Search term "TEXTOS": copy each line of the records that contains it.
-=-=-
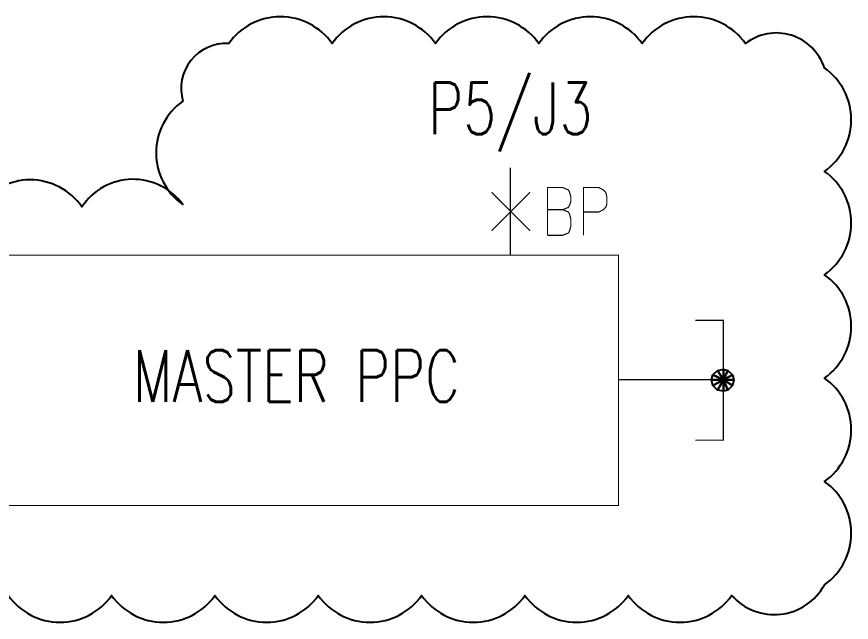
# Model space of a CAD drawing. Header units: millimetres. Extents: x -1355 to 3509, y -1443 to -567.
# Drawn here: x 2961.51 to 2993.82, y -740.4 to -716.96 of the extents above; entities that cross this region are included whole.
import ezdxf
from ezdxf.enums import TextEntityAlignment as Align

# ---------------------------------------------------------------- set-up
doc = ezdxf.new("R2010")
doc.units = ezdxf.units.MM
doc.layers.add('ACEP-E-TEXTOS', color=3, linetype='Continuous')
doc.styles.add('Romans_0.85', font='romans.shx', dxfattribs={"width": 0.85})

msp = doc.modelspace()

# ---------------------------------------------------------------- linework, layer by layer
at = {"color": 1}
msp.add_lwpolyline([(2961.188, -739.353, 0.520567), (2965.188, -739.353, 0.520567), (2969.188, -739.353, 0.520567), (2973.188, -739.353, 0.520567), (2977.188, -739.353, 0.520567), (2981.188, -739.353, 0.520567), (2985.188, -739.353, 0.520567), (2989.188, -739.353, 0.520567), (2992.779, -738.944, 0.520567), (2992.779, -734.944, 0.520567), (2992.779, -730.944, 0.520567), (2992.779, -726.944, 0.520567), (2992.779, -722.944, 0.520567), (2992.779, -718.944, 0.520567), (2989.722, -718.001, 0.520567), (2985.722, -718.001, 0.520567), (2981.722, -718.001, 0.520567), (2977.722, -718.001, 0.520567), (2973.722, -718.001, 0.520567), (2969.722, -718.001, 0.520567), (2967.949, -720.229, 0.520567), (2967.949, -724.229, 0.520567), (2964.034, -724.314, 0.520567), (2960.034, -724.314, 0.520567)], format="xyb", dxfattribs=at)
at = {"color": 0, "const_width": 0.045}
for points in [[(2980.624, -726.185), (2980.624, -722.807)], [(2982.061, -725.42), (2982.061, -723.572), (2982.645, -723.572), (2982.872, -723.663), (2982.915, -723.754), (2982.964, -723.932), (2982.964, -724.114), (2982.915, -724.249), (2982.872, -724.337), (2982.645, -724.428), (2982.061, -724.428)], [(2983.456, -725.42), (2983.456, -723.572), (2984.045, -723.572), (2984.224, -723.663), (2984.315, -723.754), (2984.359, -723.932), (2984.359, -724.203), (2984.315, -724.337), (2984.224, -724.428), (2984.045, -724.519), (2983.456, -724.519)], [(2979.899, -725.241), (2981.386, -723.754)], [(2981.386, -725.241), (2979.899, -723.754)], [(2982.645, -724.428), (2982.872, -724.519), (2982.915, -724.61), (2982.964, -724.789), (2982.964, -725.059), (2982.915, -725.241), (2982.872, -725.329), (2982.645, -725.42), (2982.061, -725.42)], [(2987.78, -728.708), (2988.867, -728.708), (2988.867, -733.347), (2987.78, -733.347)], [(2984.807, -731.006), (2988.867, -731.006)]]:
    msp.add_lwpolyline(points, dxfattribs=at)
msp.add_lwpolyline([(2959.856, -735.872), (2959.856, -726.185), (2984.807, -726.185), (2984.807, -735.872), (2959.856, -735.872)], close=True, dxfattribs=at)
at = {"color": 0}
for points in [[(2988.456, -730.824), (2988.64, -730.646), (2988.867, -731.006)], [(2988.64, -730.646), (2988.867, -730.598), (2988.867, -731.006)], [(2988.867, -730.598), (2989.045, -730.646), (2988.867, -731.006)], [(2989.045, -730.646), (2989.224, -730.824), (2988.867, -731.006)], [(2988.413, -731.006), (2988.456, -730.824), (2988.867, -731.006)], [(2988.456, -731.232), (2988.413, -731.006), (2988.867, -731.006)], [(2988.64, -731.411), (2988.456, -731.232), (2988.867, -731.006)], [(2988.867, -731.455), (2988.64, -731.411), (2988.867, -731.006)], [(2989.224, -730.824), (2989.272, -731.006), (2988.867, -731.006)], [(2989.272, -731.006), (2989.224, -731.232), (2988.867, -731.006)], [(2989.224, -731.232), (2989.045, -731.411), (2988.867, -731.006)], [(2989.045, -731.411), (2988.867, -731.455), (2988.867, -731.006)]]:
    msp.add_lwpolyline(points, close=True, dxfattribs=at)

# ---------------------------------------------------------------- texts
at = {"layer": 'ACEP-E-TEXTOS', "color": 7, "style": 'Romans_0.85', "width": 0.75}
msp.add_text('P5/J3', height=2, dxfattribs=at).set_placement((2980.624, -721.507), align=Align.CENTER)
at = {"layer": 'ACEP-E-TEXTOS', "color": 0, "style": 'Romans_0.85', "width": 0.75}
msp.add_text('MASTER PPC', height=2, dxfattribs=at).set_placement((2972.338, -731.864), align=Align.CENTER)

doc.saveas('drawing.dxf')
-=-=-
ANSWER TO THIS EXERCISE →
doc.layers.add('ACEP-E-TEXTOS', color=3, linetype='Continuous')
at = {"layer": 'ACEP-E-TEXTOS', "color": 7, "style": 'Romans_0.85', "width": 0.75}
at = {"layer": 'ACEP-E-TEXTOS', "color": 0, "style": 'Romans_0.85', "width": 0.75}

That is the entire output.